The complexity of tumor growth, which involves interactions within cells, among cells, and between cells and their environment, calls for development of mathematical and computational models that can connect processes from the cell, and sub-cell scales, to tissue level scales. These methods are needed to help tumor biologists gain further insight into the underlying mechanisms of the processes (e.g., proliferation, differentiation, and migration) involved in tumor development, at the scales which influence their behavior. Because of this complexity, it has been challenging to functionally link cell and tissue scale processes, the knowledge of which is key to development of predictive multiscale tumor models. However, current models typically use ad-hoc rules to bridge between scales, which limits their predictive capability. This project will address this challenge by developing a new multiscale method where directly measurable quantities at the cell-scale inform the model parameters at the continuum tissue scale through rigorous, mathematical upscaling techniques. The multiscale model will be tested and validated by comparing simulation results against experimentally obtained information about the overall growth rates and spatiotemporal behaviors of the different cells and tumors. The new multiscale method will be used to study pancreatic tumors to elucidate the transition of pancreatic lesions into invasive pancreatic ductal adenocarcinoma (PDAC). By integrating patient data analysis with quantitative tumor modeling, the project will develop reliable methods that can predict the likelihood of pancreatic cyst progression to PDAC using relatively non-invasive approaches.

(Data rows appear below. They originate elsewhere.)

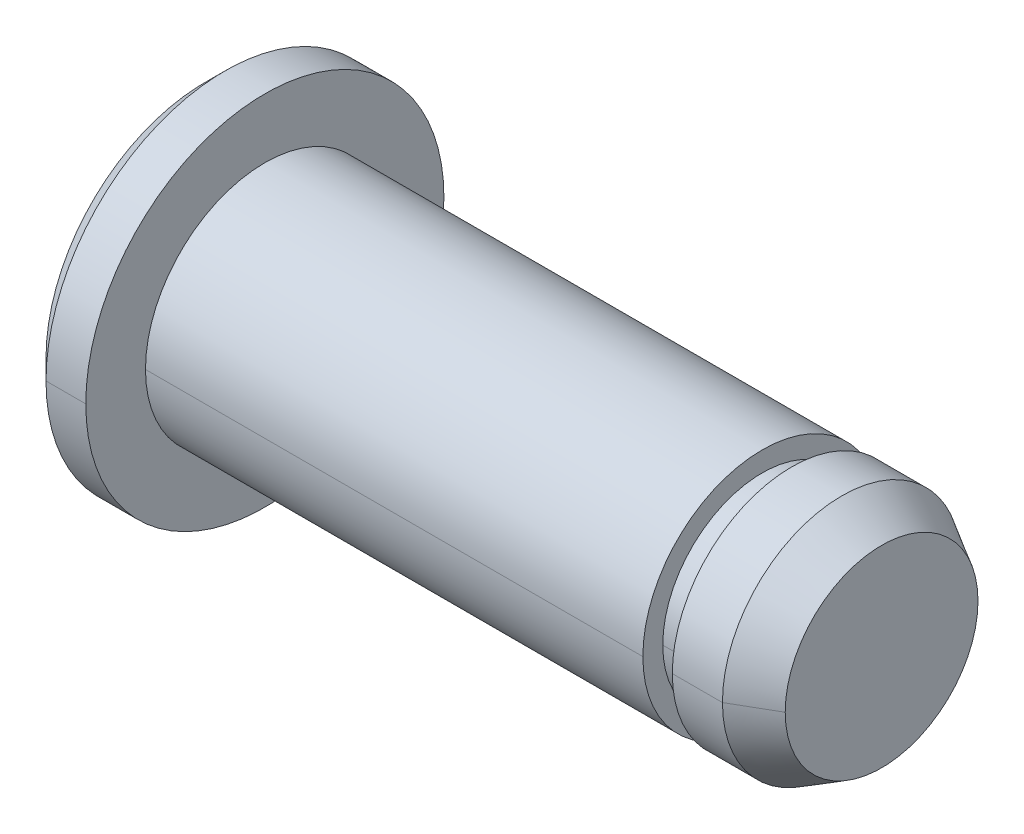
ISO-10303-21;
HEADER;
FILE_DESCRIPTION(('STEP AP214'),'2;1');
FILE_NAME('part.step','',(''),(''),'','','');
FILE_SCHEMA(('AUTOMOTIVE_DESIGN { 1 0 10303 214 1 1 1 1 }'));
ENDSEC;
DATA;
#1=APPLICATION_CONTEXT('core data for automotive mechanical design processes');
#2=APPLICATION_PROTOCOL_DEFINITION('international standard','automotive_design',2000,#1);
#3=PRODUCT_CONTEXT('',#1,'mechanical');
#4=PRODUCT('Part','Part','',(#3));
#5=PRODUCT_RELATED_PRODUCT_CATEGORY('part','',(#4));
#6=PRODUCT_DEFINITION_FORMATION('','',#4);
#7=PRODUCT_DEFINITION_CONTEXT('part definition',#1,'design');
#8=PRODUCT_DEFINITION('design','',#6,#7);
#9=PRODUCT_DEFINITION_SHAPE('','',#8);
#10=(LENGTH_UNIT() NAMED_UNIT(*) SI_UNIT(.MILLI.,.METRE.));
#11=(NAMED_UNIT(*) PLANE_ANGLE_UNIT() SI_UNIT($,.RADIAN.));
#12=(NAMED_UNIT(*) SI_UNIT($,.STERADIAN.) SOLID_ANGLE_UNIT());
#13=UNCERTAINTY_MEASURE_WITH_UNIT(LENGTH_MEASURE(1.E-05),#10,'distance_accuracy_value','');
#14=(GEOMETRIC_REPRESENTATION_CONTEXT(3) GLOBAL_UNCERTAINTY_ASSIGNED_CONTEXT((#13)) GLOBAL_UNIT_ASSIGNED_CONTEXT((#10,
#11,#12)) REPRESENTATION_CONTEXT('',''));
#15=CARTESIAN_POINT('',(0.,0.,0.));
#16=DIRECTION('',(0.,0.,1.));
#17=DIRECTION('',(1.,0.,0.));
#18=AXIS2_PLACEMENT_3D('',#15,#16,#17);
#19=CARTESIAN_POINT('',(-1.5,0.,0.));
#20=DIRECTION('',(1.,0.,0.));
#21=DIRECTION('',(0.,0.,-1.));
#22=AXIS2_PLACEMENT_3D('',#19,#20,#21);
#23=PLANE('',#22);
#24=CARTESIAN_POINT('',(-1.5,0.,0.));
#25=DIRECTION('',(1.,0.,0.));
#26=DIRECTION('',(0.,0.,-1.));
#27=AXIS2_PLACEMENT_3D('',#24,#25,#26);
#28=CIRCLE('',#27,4.);
#29=CARTESIAN_POINT('',(-1.5,0.,4.));
#30=VERTEX_POINT('',#29);
#31=CARTESIAN_POINT('',(-1.5,0.,-4.));
#32=VERTEX_POINT('',#31);
#33=EDGE_CURVE('E11',#30,#32,#28,.T.);
#34=ORIENTED_EDGE('',*,*,#33,.F.);
#35=CARTESIAN_POINT('',(-1.5,0.,0.));
#36=DIRECTION('',(1.,0.,0.));
#37=DIRECTION('',(0.,0.,-1.));
#38=AXIS2_PLACEMENT_3D('',#35,#36,#37);
#39=CIRCLE('',#38,4.);
#40=EDGE_CURVE('E25',#32,#30,#39,.T.);
#41=ORIENTED_EDGE('',*,*,#40,.F.);
#42=EDGE_LOOP('',(#34,#41));
#43=FACE_BOUND('',#42,.T.);
#44=ADVANCED_FACE('F17',(#43),#23,.F.);
#45=CARTESIAN_POINT('',(-1.5,0.,0.));
#46=DIRECTION('',(1.,0.,0.));
#47=DIRECTION('',(0.,-1.,0.));
#48=AXIS2_PLACEMENT_3D('',#45,#46,#47);
#49=CONICAL_SURFACE('',#48,4.,0.785398163397448);
#50=DIRECTION('',(0.707106781186548,0.,0.707106781186548));
#51=VECTOR('',#50,1.);
#52=CARTESIAN_POINT('',(-1.5,0.,4.));
#53=LINE('',#52,#51);
#54=CARTESIAN_POINT('',(-1.,0.,4.5));
#55=VERTEX_POINT('',#54);
#56=EDGE_CURVE('E235',#30,#55,#53,.T.);
#57=ORIENTED_EDGE('',*,*,#56,.T.);
#58=CARTESIAN_POINT('',(-1.,0.,0.));
#59=DIRECTION('',(1.,0.,0.));
#60=DIRECTION('',(0.,0.,-1.));
#61=AXIS2_PLACEMENT_3D('',#58,#59,#60);
#62=CIRCLE('',#61,4.5);
#63=CARTESIAN_POINT('',(-1.,0.,-4.5));
#64=VERTEX_POINT('',#63);
#65=EDGE_CURVE('E230',#64,#55,#62,.T.);
#66=ORIENTED_EDGE('',*,*,#65,.F.);
#67=DIRECTION('',(0.707106781186548,0.,-0.707106781186548));
#68=VECTOR('',#67,1.);
#69=CARTESIAN_POINT('',(-1.5,0.,-4.));
#70=LINE('',#69,#68);
#71=EDGE_CURVE('E225',#32,#64,#70,.T.);
#72=ORIENTED_EDGE('',*,*,#71,.F.);
#73=ORIENTED_EDGE('',*,*,#40,.T.);
#74=EDGE_LOOP('',(#57,#66,#72,#73));
#75=FACE_BOUND('',#74,.T.);
#76=ADVANCED_FACE('F244',(#75),#49,.T.);
#77=CARTESIAN_POINT('',(-1.5,0.,0.));
#78=DIRECTION('',(1.,0.,0.));
#79=DIRECTION('',(0.,1.,0.));
#80=AXIS2_PLACEMENT_3D('',#77,#78,#79);
#81=CONICAL_SURFACE('',#80,4.,0.785398163397448);
#82=ORIENTED_EDGE('',*,*,#56,.F.);
#83=ORIENTED_EDGE('',*,*,#33,.T.);
#84=ORIENTED_EDGE('',*,*,#71,.T.);
#85=CARTESIAN_POINT('',(-1.,0.,0.));
#86=DIRECTION('',(1.,0.,0.));
#87=DIRECTION('',(0.,0.,-1.));
#88=AXIS2_PLACEMENT_3D('',#85,#86,#87);
#89=CIRCLE('',#88,4.5);
#90=EDGE_CURVE('E220',#55,#64,#89,.T.);
#91=ORIENTED_EDGE('',*,*,#90,.F.);
#92=EDGE_LOOP('',(#82,#83,#84,#91));
#93=FACE_BOUND('',#92,.T.);
#94=ADVANCED_FACE('F247',(#93),#81,.T.);
#95=CARTESIAN_POINT('',(15.5,0.,0.));
#96=DIRECTION('',(1.,0.,0.));
#97=DIRECTION('',(0.,1.,-2.38000569422679E-10));
#98=AXIS2_PLACEMENT_3D('',#95,#96,#97);
#99=CYLINDRICAL_SURFACE('',#98,4.5);
#100=DIRECTION('',(1.,0.,0.));
#101=VECTOR('',#100,1.);
#102=CARTESIAN_POINT('',(-1.,0.,4.5));
#103=LINE('',#102,#101);
#104=CARTESIAN_POINT('',(0.,0.,4.5));
#105=VERTEX_POINT('',#104);
#106=EDGE_CURVE('E215',#55,#105,#103,.T.);
#107=ORIENTED_EDGE('',*,*,#106,.F.);
#108=ORIENTED_EDGE('',*,*,#90,.T.);
#109=DIRECTION('',(1.,0.,0.));
#110=VECTOR('',#109,1.);
#111=CARTESIAN_POINT('',(-1.,0.,-4.5));
#112=LINE('',#111,#110);
#113=CARTESIAN_POINT('',(0.,0.,-4.5));
#114=VERTEX_POINT('',#113);
#115=EDGE_CURVE('E211',#64,#114,#112,.T.);
#116=ORIENTED_EDGE('',*,*,#115,.T.);
#117=CARTESIAN_POINT('',(0.,0.,0.));
#118=DIRECTION('',(1.,0.,0.));
#119=DIRECTION('',(0.,0.,-1.));
#120=AXIS2_PLACEMENT_3D('',#117,#118,#119);
#121=CIRCLE('',#120,4.5);
#122=EDGE_CURVE('E206',#105,#114,#121,.T.);
#123=ORIENTED_EDGE('',*,*,#122,.F.);
#124=EDGE_LOOP('',(#107,#108,#116,#123));
#125=FACE_BOUND('',#124,.T.);
#126=ADVANCED_FACE('F251',(#125),#99,.T.);
#127=CARTESIAN_POINT('',(0.,4.5,0.));
#128=DIRECTION('',(-1.,0.,0.));
#129=DIRECTION('',(0.,0.,1.));
#130=AXIS2_PLACEMENT_3D('',#127,#128,#129);
#131=PLANE('',#130);
#132=CARTESIAN_POINT('',(0.,0.,0.));
#133=DIRECTION('',(1.,0.,0.));
#134=DIRECTION('',(0.,0.,-1.));
#135=AXIS2_PLACEMENT_3D('',#132,#133,#134);
#136=CIRCLE('',#135,3.);
#137=CARTESIAN_POINT('',(0.,0.,3.));
#138=VERTEX_POINT('',#137);
#139=CARTESIAN_POINT('',(0.,0.,-3.));
#140=VERTEX_POINT('',#139);
#141=EDGE_CURVE('E201',#138,#140,#136,.T.);
#142=ORIENTED_EDGE('',*,*,#141,.F.);
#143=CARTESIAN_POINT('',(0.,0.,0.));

The project team will develop a new class of multiscale models that bridge these scales non-phenomenologically through application of rigorous upscaling techniques in order to close the continuum equations at the tissue scale and provide an accurate description of the processes across both cell and tissue scales. Specifically, stochastic agent-based models at the cell-scale and continuum partial differential equation models at the tissue-scale will be developed. Consistent functional relationships between the variables at the tissue-scale and measurements at the cell-scale will be found by upscaling the discrete models by using and extending the framework of dynamic density functional theory (DDFT) to obtain multi-cell scale continuum equations that account for correlations among cells as well as biological processes such cell birth and death. Further upscaling to the tissue scale will be done by identifying and deriving equations for slowly varying variables. The consistency of the different models in domains where the scales overlap will be tested and validated. The new multiscale method will be applied to model the progression of pancreatic neoplasms into invasive carcinomas in order to estimate the probability of this progression. Large-scale human patient datasets of pancreatic lesions, provided by our consultants through a separately funded project, will be used to validate and refine the models. The project will enhance the cross disciplinary training of students.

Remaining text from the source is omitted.